The remarks on the three scenarios necessarily remain on a fragmentary base—be it technical, legal, infrastructural, behavioral or societal questions, challenges and measures, there certainly is more that could be discussed. Yet, the items mentioned above should have served to initiate a start on a more holistic debate on a future with fully automated vehicles and their implications in a larger context, i.e. in the system of automobility. So far, fully automated driving has been—besides from the technological aspects—researched scarcely and the considerations on the three scenarios also originate from a technological perspective, respectively developments in the technological sectors. Yet, different scenarios—this is what we wanted to outline—could have different implications, not only in relation to the technical artefact (the automobile) and its future users but for the system of automobility as a whole. Such a systemic research approach thereby maneuvers on the interface of different scientific disciplines, or, to put it in other words: if fully automated driving is considered to play a significant role in future mobility possibilities, “it should not be restricted to an arena primarily concerned with technical and legal questions” [81, p. 170]. Technological developments blur lines between technology, society and nature, which is a reason why they are only to be solved by close interdisciplinary work.

In our study, the multi-level perspective (MLP) was used to identify and examine current developments in the field of automated driving. As stated in “New technologies in relation to sociotechnical transformation processes”, the MLP can be characterized as an explanatory and analytical approach to investigate sociotechnical changes and to emphasize specific characteristics and dynamics on various levels (landscape, regime, niche) that lead to these changes (20, p. 38).
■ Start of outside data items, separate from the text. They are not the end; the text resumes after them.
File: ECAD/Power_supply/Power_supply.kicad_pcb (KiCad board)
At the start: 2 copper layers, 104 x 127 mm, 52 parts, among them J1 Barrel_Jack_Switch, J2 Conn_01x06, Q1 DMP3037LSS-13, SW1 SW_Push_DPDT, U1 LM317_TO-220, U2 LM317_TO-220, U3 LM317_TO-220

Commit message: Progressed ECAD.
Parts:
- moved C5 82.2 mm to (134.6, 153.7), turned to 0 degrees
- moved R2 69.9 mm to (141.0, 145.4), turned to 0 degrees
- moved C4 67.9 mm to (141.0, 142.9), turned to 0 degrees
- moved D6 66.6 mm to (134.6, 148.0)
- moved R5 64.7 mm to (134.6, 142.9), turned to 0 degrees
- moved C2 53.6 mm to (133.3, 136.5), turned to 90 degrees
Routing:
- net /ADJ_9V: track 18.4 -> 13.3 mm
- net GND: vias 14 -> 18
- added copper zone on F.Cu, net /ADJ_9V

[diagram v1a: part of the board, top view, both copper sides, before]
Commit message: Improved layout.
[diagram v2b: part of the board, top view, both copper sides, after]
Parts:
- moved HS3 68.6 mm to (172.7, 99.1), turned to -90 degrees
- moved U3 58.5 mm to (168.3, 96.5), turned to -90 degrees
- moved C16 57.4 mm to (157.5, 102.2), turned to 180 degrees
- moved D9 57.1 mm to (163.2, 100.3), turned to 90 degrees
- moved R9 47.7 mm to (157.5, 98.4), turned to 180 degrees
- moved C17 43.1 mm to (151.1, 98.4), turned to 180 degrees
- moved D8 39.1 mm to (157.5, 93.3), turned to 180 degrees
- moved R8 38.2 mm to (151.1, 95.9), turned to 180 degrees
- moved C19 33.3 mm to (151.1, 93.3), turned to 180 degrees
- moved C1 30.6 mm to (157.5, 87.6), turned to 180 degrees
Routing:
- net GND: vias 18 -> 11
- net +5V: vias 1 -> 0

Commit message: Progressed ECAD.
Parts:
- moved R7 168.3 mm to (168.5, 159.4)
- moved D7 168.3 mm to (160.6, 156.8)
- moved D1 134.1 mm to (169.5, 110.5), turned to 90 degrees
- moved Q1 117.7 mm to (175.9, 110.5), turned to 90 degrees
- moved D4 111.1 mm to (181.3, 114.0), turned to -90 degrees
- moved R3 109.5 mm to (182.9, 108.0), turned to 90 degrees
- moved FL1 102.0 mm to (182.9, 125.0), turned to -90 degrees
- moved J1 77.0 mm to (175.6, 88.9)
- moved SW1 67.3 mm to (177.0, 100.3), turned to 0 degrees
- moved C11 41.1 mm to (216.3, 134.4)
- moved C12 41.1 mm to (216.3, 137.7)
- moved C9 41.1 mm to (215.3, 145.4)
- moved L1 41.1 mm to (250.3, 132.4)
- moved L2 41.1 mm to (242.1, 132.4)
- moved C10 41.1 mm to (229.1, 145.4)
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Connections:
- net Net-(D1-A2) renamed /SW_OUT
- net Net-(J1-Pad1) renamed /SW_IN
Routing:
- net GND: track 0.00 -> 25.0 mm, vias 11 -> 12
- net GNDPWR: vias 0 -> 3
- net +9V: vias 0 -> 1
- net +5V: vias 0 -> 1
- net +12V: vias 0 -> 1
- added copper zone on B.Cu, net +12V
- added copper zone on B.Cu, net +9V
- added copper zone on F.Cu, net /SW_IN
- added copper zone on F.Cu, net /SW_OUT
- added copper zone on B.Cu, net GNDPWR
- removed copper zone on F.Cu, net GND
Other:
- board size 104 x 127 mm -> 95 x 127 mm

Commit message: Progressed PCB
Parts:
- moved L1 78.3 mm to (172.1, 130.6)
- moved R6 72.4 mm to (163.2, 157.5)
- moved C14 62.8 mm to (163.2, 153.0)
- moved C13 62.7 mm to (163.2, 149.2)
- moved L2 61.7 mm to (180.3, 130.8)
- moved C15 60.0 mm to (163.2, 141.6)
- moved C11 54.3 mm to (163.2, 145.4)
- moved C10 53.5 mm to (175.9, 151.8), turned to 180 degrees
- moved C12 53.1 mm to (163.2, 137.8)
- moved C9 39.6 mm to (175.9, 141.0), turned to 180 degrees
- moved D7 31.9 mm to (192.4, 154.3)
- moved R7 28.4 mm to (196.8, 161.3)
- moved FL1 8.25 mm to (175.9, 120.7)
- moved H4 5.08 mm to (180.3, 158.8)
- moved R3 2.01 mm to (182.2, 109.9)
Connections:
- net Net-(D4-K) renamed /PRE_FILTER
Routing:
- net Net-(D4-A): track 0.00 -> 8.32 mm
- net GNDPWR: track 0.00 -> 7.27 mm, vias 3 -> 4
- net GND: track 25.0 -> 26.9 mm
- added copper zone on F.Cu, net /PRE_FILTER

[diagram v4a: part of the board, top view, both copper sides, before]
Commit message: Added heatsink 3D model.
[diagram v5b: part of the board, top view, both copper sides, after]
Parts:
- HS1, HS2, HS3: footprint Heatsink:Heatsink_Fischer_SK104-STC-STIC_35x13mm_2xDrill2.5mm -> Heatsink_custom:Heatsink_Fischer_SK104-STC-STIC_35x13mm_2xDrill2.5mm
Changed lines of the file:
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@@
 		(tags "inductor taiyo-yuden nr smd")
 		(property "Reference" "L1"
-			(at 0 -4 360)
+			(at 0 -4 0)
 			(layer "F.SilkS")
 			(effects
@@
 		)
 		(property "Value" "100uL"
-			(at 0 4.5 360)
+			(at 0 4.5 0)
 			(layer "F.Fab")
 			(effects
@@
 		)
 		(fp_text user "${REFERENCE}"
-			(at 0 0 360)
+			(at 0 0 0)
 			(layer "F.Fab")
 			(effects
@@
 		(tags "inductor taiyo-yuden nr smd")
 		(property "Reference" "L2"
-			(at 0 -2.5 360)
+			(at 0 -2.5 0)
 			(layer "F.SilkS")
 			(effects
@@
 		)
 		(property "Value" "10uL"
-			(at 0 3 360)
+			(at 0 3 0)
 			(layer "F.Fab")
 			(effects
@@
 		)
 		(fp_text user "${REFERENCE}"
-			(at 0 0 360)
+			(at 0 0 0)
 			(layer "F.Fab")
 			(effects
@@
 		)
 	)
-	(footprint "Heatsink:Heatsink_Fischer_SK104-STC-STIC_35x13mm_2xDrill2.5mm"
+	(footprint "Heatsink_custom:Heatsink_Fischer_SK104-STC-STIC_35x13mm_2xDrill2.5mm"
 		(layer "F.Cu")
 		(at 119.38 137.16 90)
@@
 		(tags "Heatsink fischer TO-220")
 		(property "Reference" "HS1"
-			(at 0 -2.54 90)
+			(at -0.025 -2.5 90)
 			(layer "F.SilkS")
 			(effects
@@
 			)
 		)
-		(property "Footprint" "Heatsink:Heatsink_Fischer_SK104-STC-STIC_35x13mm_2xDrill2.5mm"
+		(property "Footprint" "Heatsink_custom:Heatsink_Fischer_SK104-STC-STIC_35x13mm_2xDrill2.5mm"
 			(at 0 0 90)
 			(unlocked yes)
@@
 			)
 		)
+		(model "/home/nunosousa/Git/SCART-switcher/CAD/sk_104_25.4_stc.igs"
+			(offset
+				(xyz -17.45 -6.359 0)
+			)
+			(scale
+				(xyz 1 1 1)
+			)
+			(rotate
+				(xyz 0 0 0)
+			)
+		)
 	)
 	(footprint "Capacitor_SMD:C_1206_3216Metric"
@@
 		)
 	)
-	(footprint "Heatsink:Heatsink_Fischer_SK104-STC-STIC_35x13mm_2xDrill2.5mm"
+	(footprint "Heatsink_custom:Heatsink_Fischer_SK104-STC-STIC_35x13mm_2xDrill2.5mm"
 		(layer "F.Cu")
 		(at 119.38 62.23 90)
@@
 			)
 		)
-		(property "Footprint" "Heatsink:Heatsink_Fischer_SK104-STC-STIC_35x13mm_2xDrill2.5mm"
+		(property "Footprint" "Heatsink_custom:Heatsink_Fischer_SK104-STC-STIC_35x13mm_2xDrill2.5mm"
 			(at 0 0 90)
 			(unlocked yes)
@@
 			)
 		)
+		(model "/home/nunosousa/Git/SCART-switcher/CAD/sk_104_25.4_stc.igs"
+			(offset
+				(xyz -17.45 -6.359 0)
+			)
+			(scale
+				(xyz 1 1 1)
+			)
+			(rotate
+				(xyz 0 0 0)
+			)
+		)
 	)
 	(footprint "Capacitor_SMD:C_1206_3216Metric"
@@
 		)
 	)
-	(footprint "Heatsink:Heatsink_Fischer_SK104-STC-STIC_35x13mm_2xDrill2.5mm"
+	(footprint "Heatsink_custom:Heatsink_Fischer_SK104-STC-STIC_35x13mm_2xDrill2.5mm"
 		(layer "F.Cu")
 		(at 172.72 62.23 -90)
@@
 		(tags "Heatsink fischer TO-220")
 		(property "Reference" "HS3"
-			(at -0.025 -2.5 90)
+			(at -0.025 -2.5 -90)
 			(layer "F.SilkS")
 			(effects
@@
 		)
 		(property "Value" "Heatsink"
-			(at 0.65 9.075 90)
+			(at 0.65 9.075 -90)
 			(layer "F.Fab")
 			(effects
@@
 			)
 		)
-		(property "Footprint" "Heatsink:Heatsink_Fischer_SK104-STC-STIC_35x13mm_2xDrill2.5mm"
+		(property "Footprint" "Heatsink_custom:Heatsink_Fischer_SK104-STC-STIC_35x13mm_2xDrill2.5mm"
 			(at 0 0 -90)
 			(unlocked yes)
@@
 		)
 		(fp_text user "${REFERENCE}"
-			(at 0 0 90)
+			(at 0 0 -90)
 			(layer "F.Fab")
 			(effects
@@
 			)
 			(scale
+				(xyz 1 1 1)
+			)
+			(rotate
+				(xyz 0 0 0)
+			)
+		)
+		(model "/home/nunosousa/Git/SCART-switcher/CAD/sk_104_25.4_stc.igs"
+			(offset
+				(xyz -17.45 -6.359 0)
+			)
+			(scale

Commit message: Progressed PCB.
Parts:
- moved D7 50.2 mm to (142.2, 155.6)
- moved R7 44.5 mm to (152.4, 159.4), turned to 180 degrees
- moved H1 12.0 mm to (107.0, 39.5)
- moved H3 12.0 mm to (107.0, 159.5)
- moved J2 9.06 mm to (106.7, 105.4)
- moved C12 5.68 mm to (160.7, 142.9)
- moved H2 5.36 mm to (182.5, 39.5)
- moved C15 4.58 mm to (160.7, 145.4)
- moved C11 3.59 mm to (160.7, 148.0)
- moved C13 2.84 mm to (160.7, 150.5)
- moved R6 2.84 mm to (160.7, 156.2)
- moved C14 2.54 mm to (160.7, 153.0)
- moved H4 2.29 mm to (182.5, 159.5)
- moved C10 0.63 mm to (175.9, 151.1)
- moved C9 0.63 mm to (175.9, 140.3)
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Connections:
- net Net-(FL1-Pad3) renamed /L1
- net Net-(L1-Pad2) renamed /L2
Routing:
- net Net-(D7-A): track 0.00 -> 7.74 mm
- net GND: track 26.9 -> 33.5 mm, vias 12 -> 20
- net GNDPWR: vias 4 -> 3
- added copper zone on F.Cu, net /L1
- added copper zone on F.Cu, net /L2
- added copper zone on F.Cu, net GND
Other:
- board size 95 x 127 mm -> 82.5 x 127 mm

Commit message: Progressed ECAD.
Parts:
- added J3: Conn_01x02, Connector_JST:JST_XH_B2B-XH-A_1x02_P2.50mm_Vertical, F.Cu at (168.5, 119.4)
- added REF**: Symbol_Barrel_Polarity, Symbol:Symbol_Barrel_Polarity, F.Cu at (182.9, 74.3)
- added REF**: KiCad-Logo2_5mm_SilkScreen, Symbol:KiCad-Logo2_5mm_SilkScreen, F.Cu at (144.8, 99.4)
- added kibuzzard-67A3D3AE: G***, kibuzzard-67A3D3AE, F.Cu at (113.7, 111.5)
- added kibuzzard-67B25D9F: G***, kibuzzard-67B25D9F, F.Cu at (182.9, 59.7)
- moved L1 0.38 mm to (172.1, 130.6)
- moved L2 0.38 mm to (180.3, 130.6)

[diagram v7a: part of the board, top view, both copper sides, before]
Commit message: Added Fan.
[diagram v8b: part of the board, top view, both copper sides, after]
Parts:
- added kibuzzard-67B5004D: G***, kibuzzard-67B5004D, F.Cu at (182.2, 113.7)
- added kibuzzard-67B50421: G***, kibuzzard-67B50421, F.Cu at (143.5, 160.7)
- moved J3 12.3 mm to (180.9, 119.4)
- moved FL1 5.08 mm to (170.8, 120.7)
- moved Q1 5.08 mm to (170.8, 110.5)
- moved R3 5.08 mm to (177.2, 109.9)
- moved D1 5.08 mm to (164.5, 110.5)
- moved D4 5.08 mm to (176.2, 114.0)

However, the approach tends to unduly generalize the characteristics and dynamics into patterns, thereby suppressing “how technical systems are implicated in defining and reproducing daily life” (21, p. 471) whereas the examination of “heterogeneity, contingency, fluidity, emergence, unpredictability, and untidiness” (20, p. 38) as well as the formation/configuration of altered social practices and routines that enable technological change may be an inevitable amendment to get a more holistic picture.

Admittedly, working concepts, theoretical and methodical approaches that fit social sciences, engineering and the sciences likewise to gain this ‘holistic picture’ are hard to find. An example for such an approach would be the ‘constellation analysis’ as “an interdisciplinary Bridge-Concept” [cf. 82, p. 1] that tries to equally integrate bodies of knowledge, viewpoints and investigative horizons of different disciplines from a bottom-up perspective. Furthermore, and as recently stated by Schirrmeister [83], discourse-analytical approaches seem to be very well suited for research on future technologies: “Although the theoretical background and methodological approach may differ, […] discourse analysis could be an appropriate method for investigating different subjects without being restricted to the perspective of a single scientific discipline alone” (ibid., p. 2). Certainly, focusing on the discursive formations as (re)productions of knowledge and their linguistic elements alone would encumber the view on what Foucault from a more holistic perspective described as ‘dispositif’: a net of material structures, discourses, practices and subjective positioning [84, p. 194]. In her recent work on possible changes within the system of automobility and the emergence of new mobility regimes, Manderscheid [18] picks up on Foucault’s concept of the dispositif and provides interesting and integral insights that could as well be suitable when analyzing implications of fully automated driving in the future. Based on these assumptions one could state that “a broad societal learning process is needed, with a focus on the system as a whole: its spatial characteristics, the infrastructural and technologic options, individual needs for mobility and access, cultural norms and institutions, as well as their mutual interdependence” [85, p. 1113].